(EXERCISE MATERIAL)

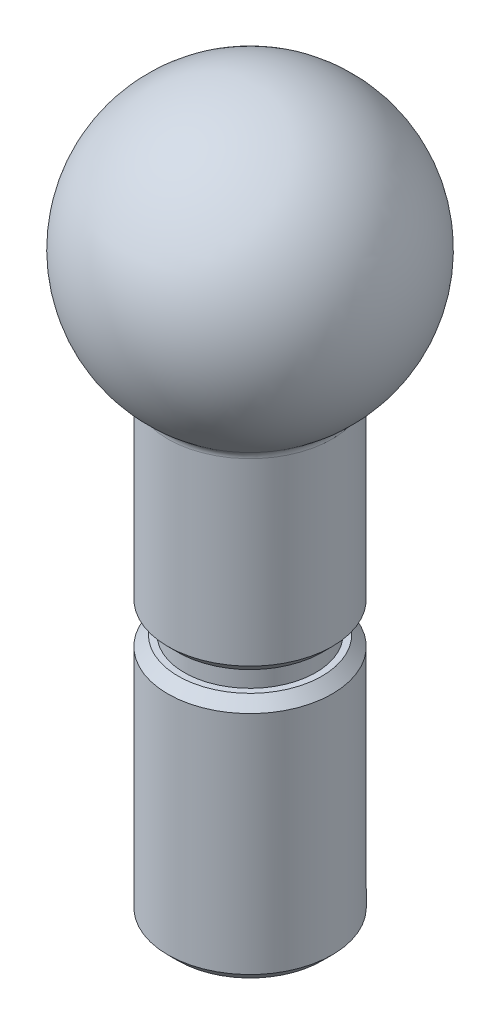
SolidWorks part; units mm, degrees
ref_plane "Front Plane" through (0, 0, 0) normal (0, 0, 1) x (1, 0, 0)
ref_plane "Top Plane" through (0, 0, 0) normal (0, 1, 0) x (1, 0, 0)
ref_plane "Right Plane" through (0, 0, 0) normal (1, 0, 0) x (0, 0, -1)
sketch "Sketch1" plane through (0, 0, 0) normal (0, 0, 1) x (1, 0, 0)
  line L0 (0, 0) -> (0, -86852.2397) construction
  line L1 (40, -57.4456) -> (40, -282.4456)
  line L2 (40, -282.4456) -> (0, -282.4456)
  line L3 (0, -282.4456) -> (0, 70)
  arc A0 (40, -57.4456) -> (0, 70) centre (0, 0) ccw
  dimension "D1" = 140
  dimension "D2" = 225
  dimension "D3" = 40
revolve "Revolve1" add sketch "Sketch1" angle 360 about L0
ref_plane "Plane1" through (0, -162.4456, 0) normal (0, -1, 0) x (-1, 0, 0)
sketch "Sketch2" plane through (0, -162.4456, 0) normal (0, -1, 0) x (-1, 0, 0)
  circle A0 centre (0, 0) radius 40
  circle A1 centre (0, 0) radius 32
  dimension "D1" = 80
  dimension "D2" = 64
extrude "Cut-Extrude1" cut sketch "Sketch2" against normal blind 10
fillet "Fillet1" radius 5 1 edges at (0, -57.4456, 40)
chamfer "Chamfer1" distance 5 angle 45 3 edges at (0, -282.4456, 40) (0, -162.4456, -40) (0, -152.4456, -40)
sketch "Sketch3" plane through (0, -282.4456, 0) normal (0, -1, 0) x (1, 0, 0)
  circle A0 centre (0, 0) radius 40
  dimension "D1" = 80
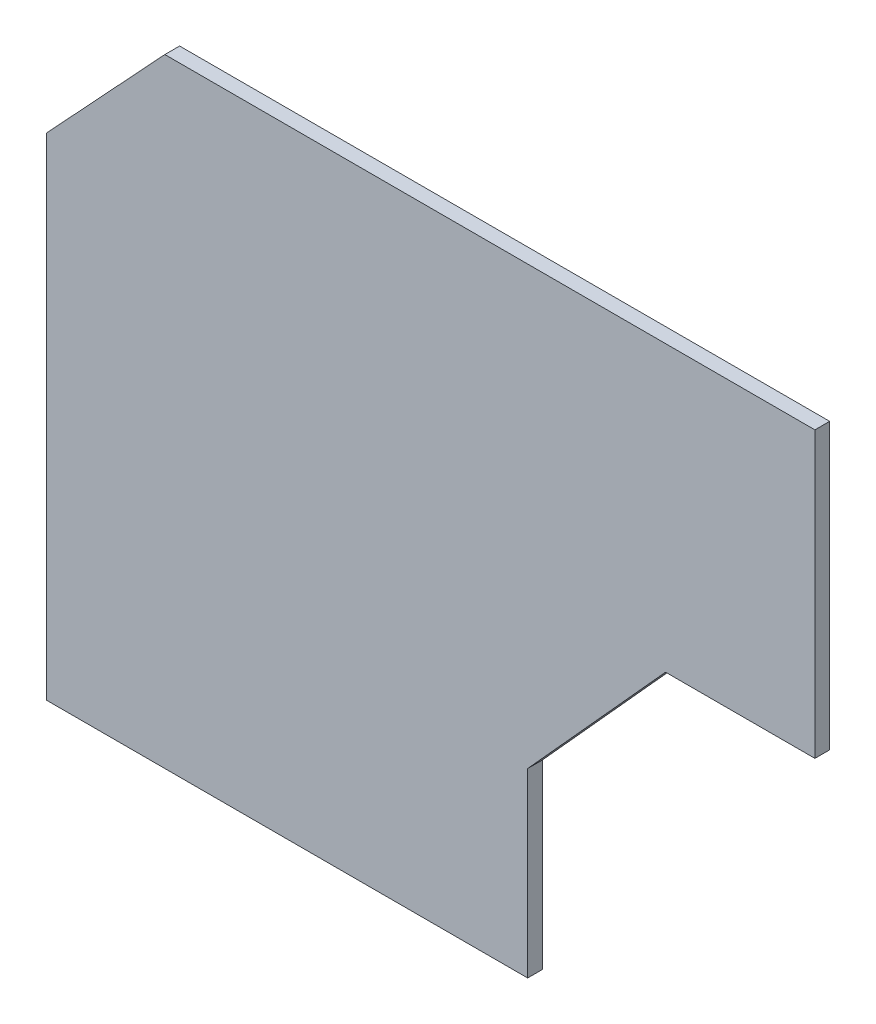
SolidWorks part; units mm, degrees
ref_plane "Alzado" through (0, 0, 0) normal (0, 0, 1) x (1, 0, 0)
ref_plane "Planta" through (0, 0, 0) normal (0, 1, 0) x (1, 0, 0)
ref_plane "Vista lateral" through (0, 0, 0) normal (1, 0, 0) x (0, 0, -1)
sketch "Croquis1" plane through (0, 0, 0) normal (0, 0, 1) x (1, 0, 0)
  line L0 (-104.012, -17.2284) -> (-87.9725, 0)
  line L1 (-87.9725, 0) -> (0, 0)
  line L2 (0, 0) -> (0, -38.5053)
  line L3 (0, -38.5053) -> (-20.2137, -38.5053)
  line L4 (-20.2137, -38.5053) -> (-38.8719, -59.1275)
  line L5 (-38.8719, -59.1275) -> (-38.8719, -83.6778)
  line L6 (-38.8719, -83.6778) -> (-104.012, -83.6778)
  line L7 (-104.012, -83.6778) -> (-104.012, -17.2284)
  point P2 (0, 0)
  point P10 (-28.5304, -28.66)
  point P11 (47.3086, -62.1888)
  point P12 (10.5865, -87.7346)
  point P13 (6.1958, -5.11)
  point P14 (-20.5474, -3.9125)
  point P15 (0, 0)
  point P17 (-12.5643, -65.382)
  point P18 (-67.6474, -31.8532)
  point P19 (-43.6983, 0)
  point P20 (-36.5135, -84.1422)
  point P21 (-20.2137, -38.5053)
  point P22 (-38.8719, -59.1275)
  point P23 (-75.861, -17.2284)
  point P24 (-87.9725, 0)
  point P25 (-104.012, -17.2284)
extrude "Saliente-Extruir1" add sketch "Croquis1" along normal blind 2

(End EXERCISE MATERIAL)

PROBLEM DETAILS
Please print exactly the lines running from the line with "(0, -57.4456, 40)" through the final line of the material, and nothing more. Keep pictures out.

RESULT OF THE EXERCISE
fillet "Fillet1" radius 5 1 edges at (0, -57.4456, 40)
chamfer "Chamfer1" distance 5 angle 45 3 edges at (0, -282.4456, 40) (0, -162.4456, -40) (0, -152.4456, -40)
sketch "Sketch3" plane through (0, -282.4456, 0) normal (0, -1, 0) x (1, 0, 0)
  circle A0 centre (0, 0) radius 40
  dimension "D1" = 80
SolidWorks part; units mm, degrees
ref_plane "Alzado" through (0, 0, 0) normal (0, 0, 1) x (1, 0, 0)
ref_plane "Planta" through (0, 0, 0) normal (0, 1, 0) x (1, 0, 0)
ref_plane "Vista lateral" through (0, 0, 0) normal (1, 0, 0) x (0, 0, -1)
sketch "Croquis1" plane through (0, 0, 0) normal (0, 0, 1) x (1, 0, 0)
  line L0 (-104.012, -17.2284) -> (-87.9725, 0)
  line L1 (-87.9725, 0) -> (0, 0)
  line L2 (0, 0) -> (0, -38.5053)
  line L3 (0, -38.5053) -> (-20.2137, -38.5053)
  line L4 (-20.2137, -38.5053) -> (-38.8719, -59.1275)
  line L5 (-38.8719, -59.1275) -> (-38.8719, -83.6778)
  line L6 (-38.8719, -83.6778) -> (-104.012, -83.6778)
  line L7 (-104.012, -83.6778) -> (-104.012, -17.2284)
  point P2 (0, 0)
  point P10 (-28.5304, -28.66)
  point P11 (47.3086, -62.1888)
  point P12 (10.5865, -87.7346)
  point P13 (6.1958, -5.11)
  point P14 (-20.5474, -3.9125)
  point P15 (0, 0)
  point P17 (-12.5643, -65.382)
  point P18 (-67.6474, -31.8532)
  point P19 (-43.6983, 0)
  point P20 (-36.5135, -84.1422)
  point P21 (-20.2137, -38.5053)
  point P22 (-38.8719, -59.1275)
  point P23 (-75.861, -17.2284)
  point P24 (-87.9725, 0)
  point P25 (-104.012, -17.2284)
extrude "Saliente-Extruir1" add sketch "Croquis1" along normal blind 2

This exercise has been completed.